We now introduce two new XML namespaces and the conventional prefixes used in the documentation:
- http://jewishliturgy.org/ns/functions/xslt (func)
- http://jewishliturgy.org/ns/parser (p)
- http://jewishliturgy.org/ns/parser-result (r)
To use the parser, you must first define a grammar in the language described below. The grammar is stored as XML.
In your XSLT stylesheet, include the parser code (grammar2.xsl2).
The parser is called using the function call:
func:grammar-parse($string as xs:string, $start-term as xs:string, $grammar as node()) as element()
$string is the string to be parsed, $start-term is the named term where parsing should begin, and $grammar is the XML grammar; it may be element(p:grammar) or document-node().
The result of func:grammar-parse() may be passed to:
func:grammar-clean($parsed-grammar as element()) as element()
This function returns the parsed grammar with the r:anonymous elements that represent anonymous terms (p:expAnon, p:termRefAnon) removed.
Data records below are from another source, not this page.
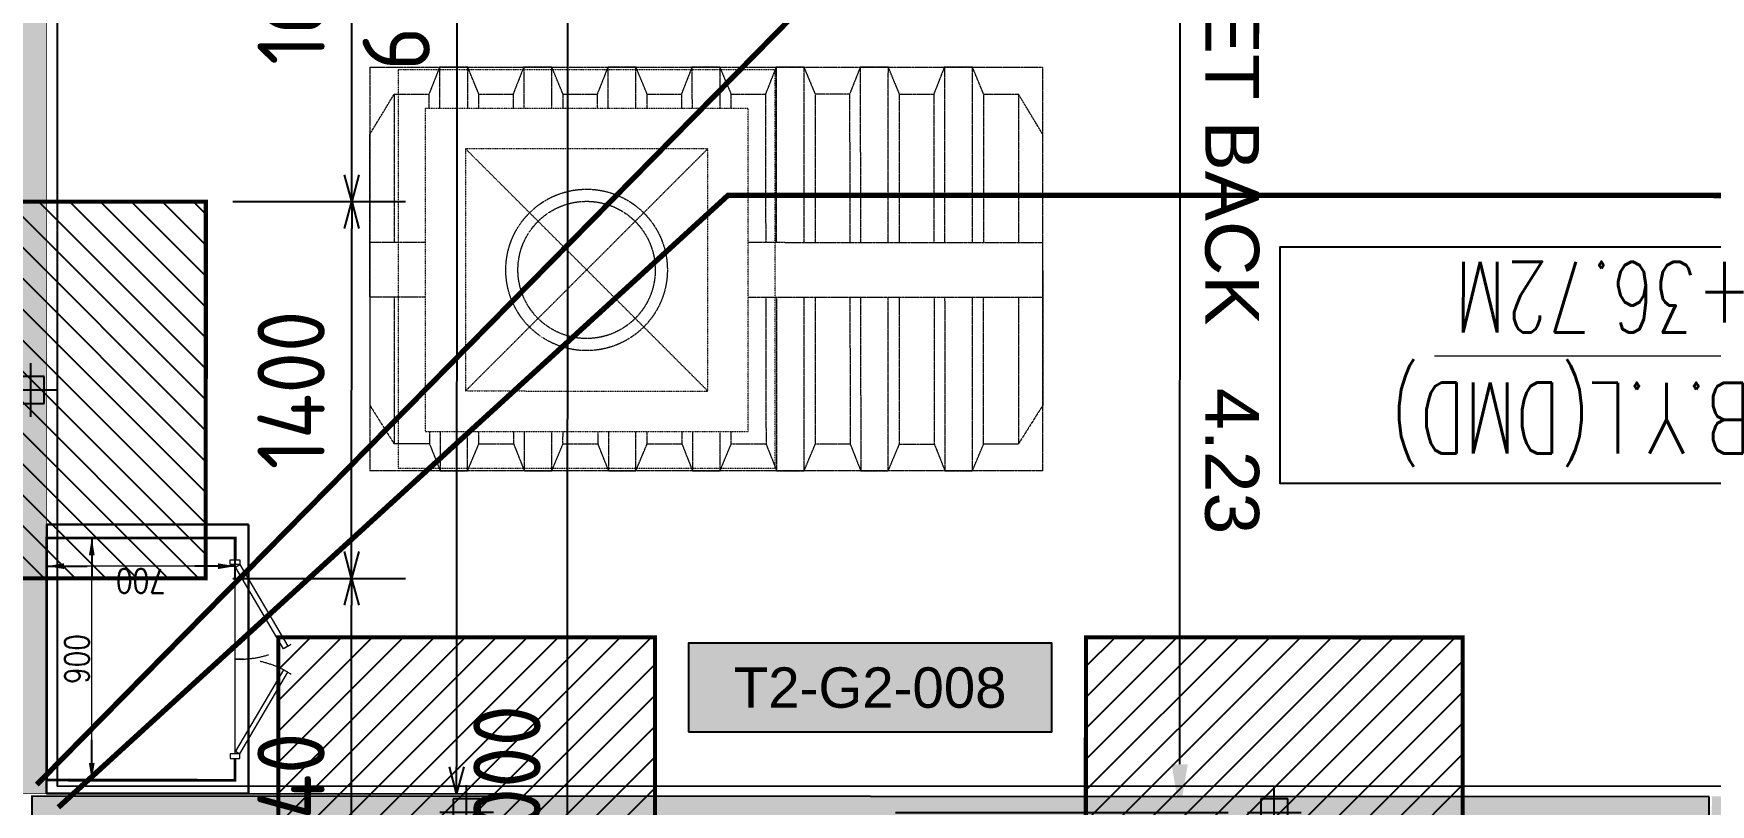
# Model space of a CAD drawing. Header units: centimetres. Extents: x -6122352 to 6876996, y -1694241 to 2592194.
# Drawn here: x 46747 to 52976, y -42127 to -39262 of the extents above; entities that cross this region are included whole.
import ezdxf
from ezdxf.enums import TextEntityAlignment as Align

# ---------------------------------------------------------------- set-up
doc = ezdxf.new("R2010")
doc.units = ezdxf.units.CM
doc.header["$MEASUREMENT"] = 0
doc.header["$PDMODE"] = 66
doc.header["$PDSIZE"] = 100
for name, pattern in [('CENTER', [2, 1.25, -0.25, 0.25, -0.25]), ('HIDDEN', [0.375, 0.25, -0.125]), ('LTH-4G-M-XR-GROUND FLOOR PLAN$0$HIDDEN2', [0.1875, 0.125, -0.0625])]:
    doc.linetypes.add(name, pattern=pattern)
doc.layers.get('Defpoints').update_dxf_attribs({"color": 255, "linetype": 'CENTER'})
for name, color, linetype in [('00-MI-DIM', 7, 'Continuous'), ('@MI-FOOTINGS', 7, 'Continuous'), ('@MI-MEP', 7, 'Continuous'), ('@MI-REF LAYER', 7, 'Continuous'), ('@MI-TYPE-02', 6, 'Continuous'), ('CTECH-Text 2.5mm', 2, 'Continuous'), ('PANEL-TAGS', 7, 'Continuous'), ('VD-WS-TEXT', 8, 'Continuous'), ('VD-WS-WATER TANK', 7, 'Continuous'), ('XREF1$0$S-LEVELS', 2, 'Continuous'), ('XREF1$0$TYPICAL NEW PROFILE', 3, 'Continuous')]:
    doc.layers.add(name, color=color, linetype=linetype)
doc.layers.add('08-Compound Wall-2', color=6, linetype='Continuous', lineweight=25, true_color=0xff00ff)
for name, color, linetype, lineweight in [('23585-XR-AR-102-8P-GF$0$A-FLOR-XREF', 8, 'Continuous', 9), ('A-ANNO-TEXT', 3, 'Continuous', 25), ('LTH-4G-M-XR-GROUND FLOOR PLAN$0$1717 X Water Tank Location_5B$0$00 Line 2', 6, 'Continuous', 13), ('XREF1$0$36-TAGLVL', 23, 'Continuous', 9), ('ZAT_WALL PANEL', 3, 'Continuous', 30)]:
    doc.layers.add(name, color=color, linetype=linetype, lineweight=lineweight)
doc.layers.add('LTH-4G-M-XR-GROUND FLOOR PLAN$0$PDF_Geometry', color=7, linetype='Continuous', true_color=0xcccccc)
doc.styles.add('DIMTEXT', font='romans.shx', dxfattribs={"width": 0.8})
doc.styles.add('PANELTAG_STYLE', font='arial.ttf')
doc.styles.add('Schueco-BEMSTIL', font='isocpeur.ttf', dxfattribs={"width": 0.9})
doc.styles.get("Standard").update_dxf_attribs({"font": 'arial.ttf'})
doc.styles.add('XREF1$0$DLT_TEXT', font='romans.shx', dxfattribs={"width": 0.7})
doc.dimstyles.new('DIM-25', dxfattribs={"dimscale": 25, "dimtxt": 2.5, "dimasz": 2.5, "dimexe": 1.25, "dimexo": 0.625, "dimgap": 1, "dimtad": 1, "dimdec": 0, "dimdsep": 46, "dimtxsty": 'DIMTEXT', "dimblk": 'AROW', "dimcen": 2.5, "dimse1": 1, "dimse2": 1, "dimclrd": 1, "dimclre": 1, "dimclrt": 2, "dimadec": 0, "dimazin": 0, "dimtfac": 1, "dimtdec": 0, "dimtmove": 0, "dimatfit": 3, "dimfxl": 1, "dimarcsym": 0})
doc.dimstyles.new('MI- JWC-TXT-2.5 MM', dxfattribs={"dimscale": 1.5, "dimtxt": 2.5, "dimasz": 1, "dimexe": 2, "dimexo": 1, "dimgap": 1, "dimtad": 1, "dimdec": 0, "dimdsep": 46, "dimtxsty": 'Schueco-BEMSTIL', "dimblk": 'OPEN30', "dimcen": 0, "dimdle": 2, "dimclrd": 140, "dimclre": 8, "dimclrt": 40, "dimadec": 0, "dimazin": 2, "dimtfac": 1, "dimtdec": 0, "dimtix": 1, "dimtmove": 2, "dimatfit": 3, "dimldrblk": 'OPEN', "dimfxl": 2, "dimlwd": -1, "dimlwe": -1, "dimarcsym": 0})
doc.dimstyles.get("Standard").update_dxf_attribs({"dimtxt": 5, "dimasz": 0.5, "dimexe": 0.18, "dimexo": 0.0625, "dimgap": 0.09, "dimtad": 0, "dimtih": 1, "dimtoh": 1, "dimdec": 0, "dimzin": 0, "dimdsep": 46, "dimtxsty": 'Standard', "dimcen": 0.09, "dimadec": 0, "dimazin": 0, "dimtfac": 1, "dimtdec": 0, "dimtofl": 0, "dimtmove": 0, "dimatfit": 3, "dimfxl": 1, "dimtolj": 1, "dimtzin": 0, "dimarcsym": 0})

# ---------------------------------------------------------------- blocks, each defined once
blk = doc.blocks.new('23585-XR-AR-BOUNDARY WALLS AND SETBACKS')
at = {"layer": '08-Compound Wall-2'}
blk.add_lwpolyline([(496436.7277305126, 2768919.127362223), (496454.3490277766, 2768902.981278001), (496460.4629703416, 2768909.653856921), (496464.5163715792, 2768914.077458272), (496468.5697700584, 2768918.501256612), (496472.6231700581, 2768922.925056611), (496476.6765700586, 2768927.348856612), (496482.790413552, 2768934.021327408), (496465.1691514189, 2768950.167379445)], dxfattribs=at)
blk = doc.blocks.new('A$C9d9485f6')
at = {"layer": 'A-ANNO-TEXT', "rotation": 312.4881850805905}
blk.add_blockref('23585-XR-AR-BOUNDARY WALLS AND SETBACKS', (-2377088.534775567, -1504219.252137818), dxfattribs=at)
blk = doc.blocks.new('AROW')
at = {"color": 1, "ltscale": 100}
for p, q in [((0, 0), (-3, 0)), ((-1.455191522836685e-11, -1), (-1.455191522836685e-11, 1))]:
    blk.add_line(p, q, dxfattribs=at)
blk.add_solid([(-1.279999999998836, 0.2133333333331393), (-1.279999999998836, -0.2133333333331393), (0, 0)], dxfattribs=at)
blk = doc.blocks.new('*D399')
at = {"layer": 'CTECH-Text 2.5mm', "color": 8, "lineweight": -2, "ltscale": 10, "transparency": 16777216}
blk.add_line((0.1000000000465661, -0.1673677310562148), (0.8999999999534338, -0.1673677310562148), dxfattribs=at)
at = {"layer": 'Defpoints', "color": 0, "ltscale": 10, "transparency": 16777216}
for p in [(0.05000000004656613, 2.504093572497368e-07), (0.9499999999534339, 4.757888382067517e-06), (0.9499999999534339, -0.1673677310562148)]:
    blk.add_point(p, dxfattribs=at)
at = {"layer": 'CTECH-Text 2.5mm', "color": 8, "lineweight": -2, "ltscale": 10, "transparency": 16777216, "xscale": 0.05, "yscale": 0.05, "zscale": 0.05, "rotation": 180}
blk.add_blockref('AROW', (0.05000000004656612, -0.1673677310562148), dxfattribs=at)
at = {"layer": 'CTECH-Text 2.5mm', "color": 8, "lineweight": -2, "ltscale": 10, "transparency": 16777216, "xscale": 0.05, "yscale": 0.05, "zscale": 0.05}
blk.add_blockref('AROW', (0.9499999999534339, -0.1673677310562148), dxfattribs=at)
at = {"layer": 'CTECH-Text 2.5mm', "color": 8, "ltscale": 10, "transparency": 16777216, "insert": (0.5, -0.1123677310562148), "char_height": 0.09, "attachment_point": 5, "style": 'DIMTEXT'}
blk.add_mtext('900', dxfattribs=at)
blk = doc.blocks.new('*D400')
at = {"layer": 'CTECH-Text 2.5mm', "color": 8, "lineweight": -2, "ltscale": 10, "transparency": 16777216}
blk.add_line((0.8453000504635991, -0.6499952435726302), (0.845300050463599, -0.04999524211161797), dxfattribs=at)
at = {"layer": 'Defpoints', "color": 0, "ltscale": 10, "transparency": 16777216}
for p in [(0.845300050463599, 4.757888382050682e-06), (0.9499999999534343, 4.757888382067519e-06), (0.9500035058008511, -0.6999952435726302)]:
    blk.add_point(p, dxfattribs=at)
at = {"layer": 'CTECH-Text 2.5mm', "color": 8, "lineweight": -2, "ltscale": 10, "transparency": 16777216, "xscale": 0.05, "yscale": 0.05, "zscale": 0.05}
for p, rotation in [((0.845300050463599, 4.757888382050682e-06), 90), ((0.8453000504635991, -0.6999952435726302), 270)]:
    blk.add_blockref('AROW', p, dxfattribs=dict(at, rotation=rotation))
at = {"layer": 'CTECH-Text 2.5mm', "color": 8, "ltscale": 10, "transparency": 16777216, "insert": (0.7903000504635987, -0.3499952428421242), "char_height": 0.09, "attachment_point": 5, "rotation": 90, "style": 'DIMTEXT'}
blk.add_mtext('700', dxfattribs=at)
blk = doc.blocks.new('WATER TANK-5G')
at = {"layer": 'VD-WS-WATER TANK', "color": 8, "linetype": 'HIDDEN', "lineweight": 0}
for p, q in [((-1250.001134479477, 750), (-1250.001134479477, -750)), ((-1250.001134479477, 750), (1250.001134479473, 750.0000000000073)), ((1250.001134479473, -750), (1250.001134479473, 750.0000000000073)), ((-1250.001134479477, 506.4072882397741), (-1159.487943448941, 649.9912085523538)), ((-1030.317381363468, 650.118273375927), (-1159.487943448941, 649.9912085523538)), ((-1030.33501070099, 650.0762170843009), (-1159.487943448028, 649.9912085537726)), ((-1159.487943448046, 104.2622760417398), (-1159.487943448046, 649.9912085537726)), ((-717.8173813634676, 650.3836400512264), (-846.9879434489412, 650.2565752276532)), ((-534.4881051635202, 650.3415837596003), (-405.3350107009901, 650.3415837596003)), ((-92.8350107009901, 650.2726107480521), (-221.9875152446839, 650.0289267772132)), ((219.6649892990063, 650.341583759604), (90.51189483647977, 650.341583759604)), ((532.1649892990099, 650.341583759604), (403.0118948364761, 650.341583759604)), ((844.6649892990099, 650.2327025967206), (715.5119202089954, 649.9890175606997)), ((1030.317381363468, 650.118273375927), (1159.487943448941, 649.9912085523538)), ((1030.33501070099, 650.0762170843009), (1159.487943448028, 649.9912085537726)), ((1159.487943448046, 104.2622760417398), (1159.487943448046, 649.9912085537726)), ((1250.001134479477, 506.4072882397704), (1159.487943448941, 649.9912085523538)), ((-1250.001134479477, 6.407288239774061), (-1250.001134479477, 506.4072882397741)), ((1250.001134479477, 6.407288239770423), (1250.001134479477, 506.4072882397704)), ((1250.001134479477, 6.407288239770423), (1250.001134479477, 506.4072882397704)), ((-1250.001134479477, 104.2622760417398), (-1250.001134479477, -97.85498780196576)), ((1250.001134479477, 104.2622760417398), (1250.001134479477, -97.85498780196576)), ((-1250.001134479477, 0), (-1250.001134479477, -500)), ((1250.001134479477, 0), (1250.001134479477, -500)), ((1250.001134479477, 0), (1250.001134479477, -500)), ((-1159.487943448941, -649.9666942819531), (-1159.487943448941, -97.85498780196576)), ((1159.487943448941, -649.4147271805778), (1159.487943448941, -97.85498780196576)), ((-1250.001134479477, -500), (-1159.487943448941, -649.9666942819531)), ((1250.001134479477, -500), (1159.487943448941, -649.4147271805778)), ((-1030.223625636183, -649.9259563589003), (-1159.487943448941, -649.9666942819531)), ((-717.8350107009901, -649.6186603031856), (-844.7006966823719, -649.7434578247448)), ((-532.1672582579631, -649.658416240407), (-405.3350107009901, -649.658416240407)), ((-92.80631768378589, -649.7273351141848), (-219.6666766012822, -649.9666942819567)), ((219.7076385924483, -649.7608572367899), (92.83288166340208, -649.7608572367899)), ((532.1649892990099, -649.4191101129363), (405.3327417420296, -649.6584162404033)), ((532.309836432134, -650.0063302019917), (532.1649892990099, -650.0066034984702)), ((844.6644062974592, -648.9922756636443), (717.8321587404789, -649.2315817911112)), ((1159.487943448941, -649.4147271805778), (1030.332741742033, -649.6584162404033)), ((1250.001134479473, -750), (-1250.001134479477, -750))]:
    blk.add_line(p, q, dxfattribs=at)
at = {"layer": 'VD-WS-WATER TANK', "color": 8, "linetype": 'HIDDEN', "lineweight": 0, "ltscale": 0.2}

Example grammars from our project are: A partial XPointer implementation, the extended XPointer range() function defined by the TEI, and a grammar for our extended version of Sacred Texts Markup Language.
Contents |
Defining a grammar
Root element
A grammar is defined in an XML file with root element p:grammar. The root element may include other sub-grammars, also contained in p:grammar elements. If more than one grammar is included in the same hierarchy, all the grammars are combined in each parsing run.
Terms
Each grammar is composed of one or more named terms, represented by the p:term element. Each p:term element is given a unique name using the @name attribute. Terms are composed of an ordered list of content matchers:
- Regular expressions (p:exp, p:expAnon)
- References to other terms (p:termRef, p:termRefAnon)
- Choice grouping constructs (p:choice)
- Cardinality groupings (p:zeroOrMore, p:oneOrMore, p:zeroOrOne)
- At most one end-of-data indicator (p:end)
The list of elements (content matchers) defines the expected values of a string that matches the term. A string that conforms to the list is said to match.
When run through the parser, each p:term or p:exp element named by an @name attribute will result in:
- (r:@name, r:remainder?)
- (r:no-match, r:remainder?)
r:@name contains the part of the string that matched the term. If the term was not matched, r:no-match is returned. r:remainder contains the remaining part of the string.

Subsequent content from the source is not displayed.